Sem médicos, cidades na Amazônia pagam até R$ 135 mil/mês por especialistas

“Hospital de Manicoré pagar esse valor para anestesista”

Carlos Madeiro/UOL

Médicos especialistas, como anestesistas, cirurgiões, obstetras e cardiologistas, são uma raridade no interior de estados da Amazônia. Quando aceitam trabalhar em áreas remotas, cobram valores acima da média dos maiores centros urbanos. Há profissionais que recebem até R$ 135 mil por mês em soma de diárias. A informação consta em um levantamento do Cosems (Conselho de Secretarias Municipais de Saúde) do Amazonas.

Alguns pedidos de profissionais superam os R$ 200 mil mensais, mas os municípios alegam não ter recursos. Não há um padrão de contrato com o profissional da saúde. Segundo o Cosems, pode ser na modalidade de plantão, dias, quinzena, mensal ou por horas. Há médicos que atuam de dois a 30 dias seguidos, mas o contrato mais utilizado é o de 15 dias.

O município de Lábrea (AM) diz receber R$ 216 mil por mês do governo federal para esse tipo de contração. “Com isso não pago dois cirurgiões por mês aqui”, afirma o secretário municipal de Saúde, Dario Vicente da Silva. Na cidade, para não deixar os moradores sem assistência, a prefeitura contratou dois cirurgiões, que se revezam 15 dias seguidos trabalhando no hospital, e recebem por isso R$ 90 mil mensais cada um. “Parto é eles que fazem. Não tenho anestesista, nem obstetra”, explica.

“Hospital de Lábrea (AM) conta com dois cirurgiões que acumulam funções”

Uma empresa especializada cobrou R$ 503 mil por mês por um pacote que inclui obstetra, anestesista e cirurgião. “Consultei então direto um ginecologista, e ele cobrou R$ 120 mil por 20 dias. É muito caro, não temos condições. A gente precisa discutir isso a fundo. É preciso um suporte do estado, que não está cumprindo sua parte: se não quer mandar recurso, manda o profissional. Hoje, deixamos de investir na assistência básica, que é nossa responsabilidade, para pagar especialista” – disse Dario Vicente.

Governos avisados

O presidente da Associação Amazonense de Municípios, Anderson Souza, afirma que apresentou o problema recentemente ao governo do estado e à ministra da Saúde, Nísia Trindade, sobre o problema. “Nós não podemos arcar com esse custo, nossa responsabilidade é assistência básica. O estado é o responsável pela média e alta complexidade, e não está cumprindo” – relata, Anderson Souza, presidente da Associação Amazonense de Municípios.

O presidente do Cosems no Amazonas, Manoel Barbosa, afirma que a maioria dos profissionais cobra por diárias. “Normalmente se contrata um cirurgião que faz tudo dentro do hospital.
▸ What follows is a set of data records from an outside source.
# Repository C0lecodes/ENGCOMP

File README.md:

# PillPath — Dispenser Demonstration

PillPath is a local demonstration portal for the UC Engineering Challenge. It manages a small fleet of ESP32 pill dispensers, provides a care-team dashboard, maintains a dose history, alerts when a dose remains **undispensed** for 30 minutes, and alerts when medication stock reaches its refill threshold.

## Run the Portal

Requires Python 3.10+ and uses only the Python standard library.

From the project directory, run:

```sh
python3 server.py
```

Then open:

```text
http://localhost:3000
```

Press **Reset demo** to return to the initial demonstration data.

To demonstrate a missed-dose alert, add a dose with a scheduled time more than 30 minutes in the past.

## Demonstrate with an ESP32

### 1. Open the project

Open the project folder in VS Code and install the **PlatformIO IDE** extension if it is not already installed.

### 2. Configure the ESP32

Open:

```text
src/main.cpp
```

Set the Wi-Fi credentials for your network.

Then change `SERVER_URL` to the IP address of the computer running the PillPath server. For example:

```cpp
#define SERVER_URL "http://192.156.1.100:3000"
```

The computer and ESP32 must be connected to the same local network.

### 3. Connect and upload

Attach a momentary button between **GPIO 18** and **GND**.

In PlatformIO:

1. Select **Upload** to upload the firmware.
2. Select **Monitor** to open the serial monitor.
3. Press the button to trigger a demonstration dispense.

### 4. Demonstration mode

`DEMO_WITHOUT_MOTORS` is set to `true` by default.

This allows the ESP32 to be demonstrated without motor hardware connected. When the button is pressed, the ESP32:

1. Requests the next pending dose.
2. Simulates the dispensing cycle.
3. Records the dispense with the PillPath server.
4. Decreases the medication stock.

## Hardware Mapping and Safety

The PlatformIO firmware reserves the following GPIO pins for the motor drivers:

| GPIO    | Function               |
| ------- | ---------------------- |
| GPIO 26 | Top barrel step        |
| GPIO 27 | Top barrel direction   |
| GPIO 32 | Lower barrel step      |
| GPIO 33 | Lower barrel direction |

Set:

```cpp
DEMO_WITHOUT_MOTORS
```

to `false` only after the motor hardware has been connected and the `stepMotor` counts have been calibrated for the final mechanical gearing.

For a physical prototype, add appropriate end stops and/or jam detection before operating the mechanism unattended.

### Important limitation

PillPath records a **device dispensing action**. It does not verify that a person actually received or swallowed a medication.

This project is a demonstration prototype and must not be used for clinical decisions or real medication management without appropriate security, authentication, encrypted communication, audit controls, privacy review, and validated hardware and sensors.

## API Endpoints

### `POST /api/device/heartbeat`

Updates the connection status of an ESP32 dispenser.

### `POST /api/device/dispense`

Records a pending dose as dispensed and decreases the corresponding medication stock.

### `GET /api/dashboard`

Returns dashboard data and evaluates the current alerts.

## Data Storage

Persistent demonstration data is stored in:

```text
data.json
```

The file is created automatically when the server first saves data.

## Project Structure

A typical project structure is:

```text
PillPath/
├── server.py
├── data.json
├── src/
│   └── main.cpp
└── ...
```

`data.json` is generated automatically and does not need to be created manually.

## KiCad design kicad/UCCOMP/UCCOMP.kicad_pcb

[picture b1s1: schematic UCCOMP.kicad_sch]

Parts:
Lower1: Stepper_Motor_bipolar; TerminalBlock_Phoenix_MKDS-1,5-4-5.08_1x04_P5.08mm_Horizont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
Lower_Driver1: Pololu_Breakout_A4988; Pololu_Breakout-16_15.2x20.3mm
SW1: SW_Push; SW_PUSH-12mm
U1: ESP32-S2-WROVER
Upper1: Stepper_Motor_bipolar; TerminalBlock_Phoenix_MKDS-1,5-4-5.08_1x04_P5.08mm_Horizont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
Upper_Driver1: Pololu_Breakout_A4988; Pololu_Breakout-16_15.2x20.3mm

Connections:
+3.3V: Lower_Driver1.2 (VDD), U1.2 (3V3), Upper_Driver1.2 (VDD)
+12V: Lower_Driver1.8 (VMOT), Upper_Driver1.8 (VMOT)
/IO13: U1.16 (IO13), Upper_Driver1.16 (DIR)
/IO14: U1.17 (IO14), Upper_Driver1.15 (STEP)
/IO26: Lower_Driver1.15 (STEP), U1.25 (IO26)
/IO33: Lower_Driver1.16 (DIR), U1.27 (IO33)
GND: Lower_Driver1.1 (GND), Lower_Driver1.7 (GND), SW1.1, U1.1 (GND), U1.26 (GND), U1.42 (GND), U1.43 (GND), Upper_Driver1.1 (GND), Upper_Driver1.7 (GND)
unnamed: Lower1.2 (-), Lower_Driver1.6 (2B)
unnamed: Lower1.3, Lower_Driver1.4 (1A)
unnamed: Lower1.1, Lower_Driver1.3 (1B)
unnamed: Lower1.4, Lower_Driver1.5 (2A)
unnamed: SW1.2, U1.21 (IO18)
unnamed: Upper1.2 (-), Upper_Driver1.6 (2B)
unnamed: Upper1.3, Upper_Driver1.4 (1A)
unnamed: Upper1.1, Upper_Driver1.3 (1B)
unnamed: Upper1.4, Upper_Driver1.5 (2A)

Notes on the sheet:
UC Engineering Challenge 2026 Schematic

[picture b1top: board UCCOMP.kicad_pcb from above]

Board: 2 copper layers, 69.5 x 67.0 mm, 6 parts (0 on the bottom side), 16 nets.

Tem casos são eles que atendem tanto a parte clínica, como as cirurgias”. Os valores mais altos são pagos por meio de manobras contábeis. Reportagem do jornal A Crítica revelou que até salários chegam a superar o teto do funcionalismo público. Na lista há dois médicos no interior do estado que recebem em folha R$ 45 mil e R$ 46 mil, acima do valor máximo de R$ 41,6 mil —salario de ministro do STF.

Em Manicoré (AM), ainda mais distante de capitais, a chegada só ocorre de avião (com três voos semanais de linha com preço médio de R$ 1.000) ou de barco com viagens que duram até dois dias. A prefeitura paga hoje R$ 4.516 por diária a um anestesista, o que dá R$ 135 mil por 30 dias de serviço.

“É muito raro que queira fixar residência no interior. Aqui não tem shopping, não tem faculdade para os filhos. Quem quer trazer sua família para um local que não tem muita infraestrutura? E como o acesso é difícil, não posso ter o rodízio de plantão 24 horas porque porque não tem quem troque” – diz a secretária de Saúde de Manicoré, Adriana Moreira.

Manicoré tem uma unidade básica de saúde fluvial, mas que faz apenas atenção básica  - Divulgação - Divulgação
“Manicoré tem uma unidade básica de saúde fluvial, mas que faz apenas atenção básica”

O maior problema enfrentado pelos municípios é o valor repassado pela tabela SUS por consulta, cujo valor de R$ 10,00 é irrisório, fazendo com que os entes municipais arquem com as diferenças dos valores para poder “seduzir” médicos a atuarem em áreas remotas.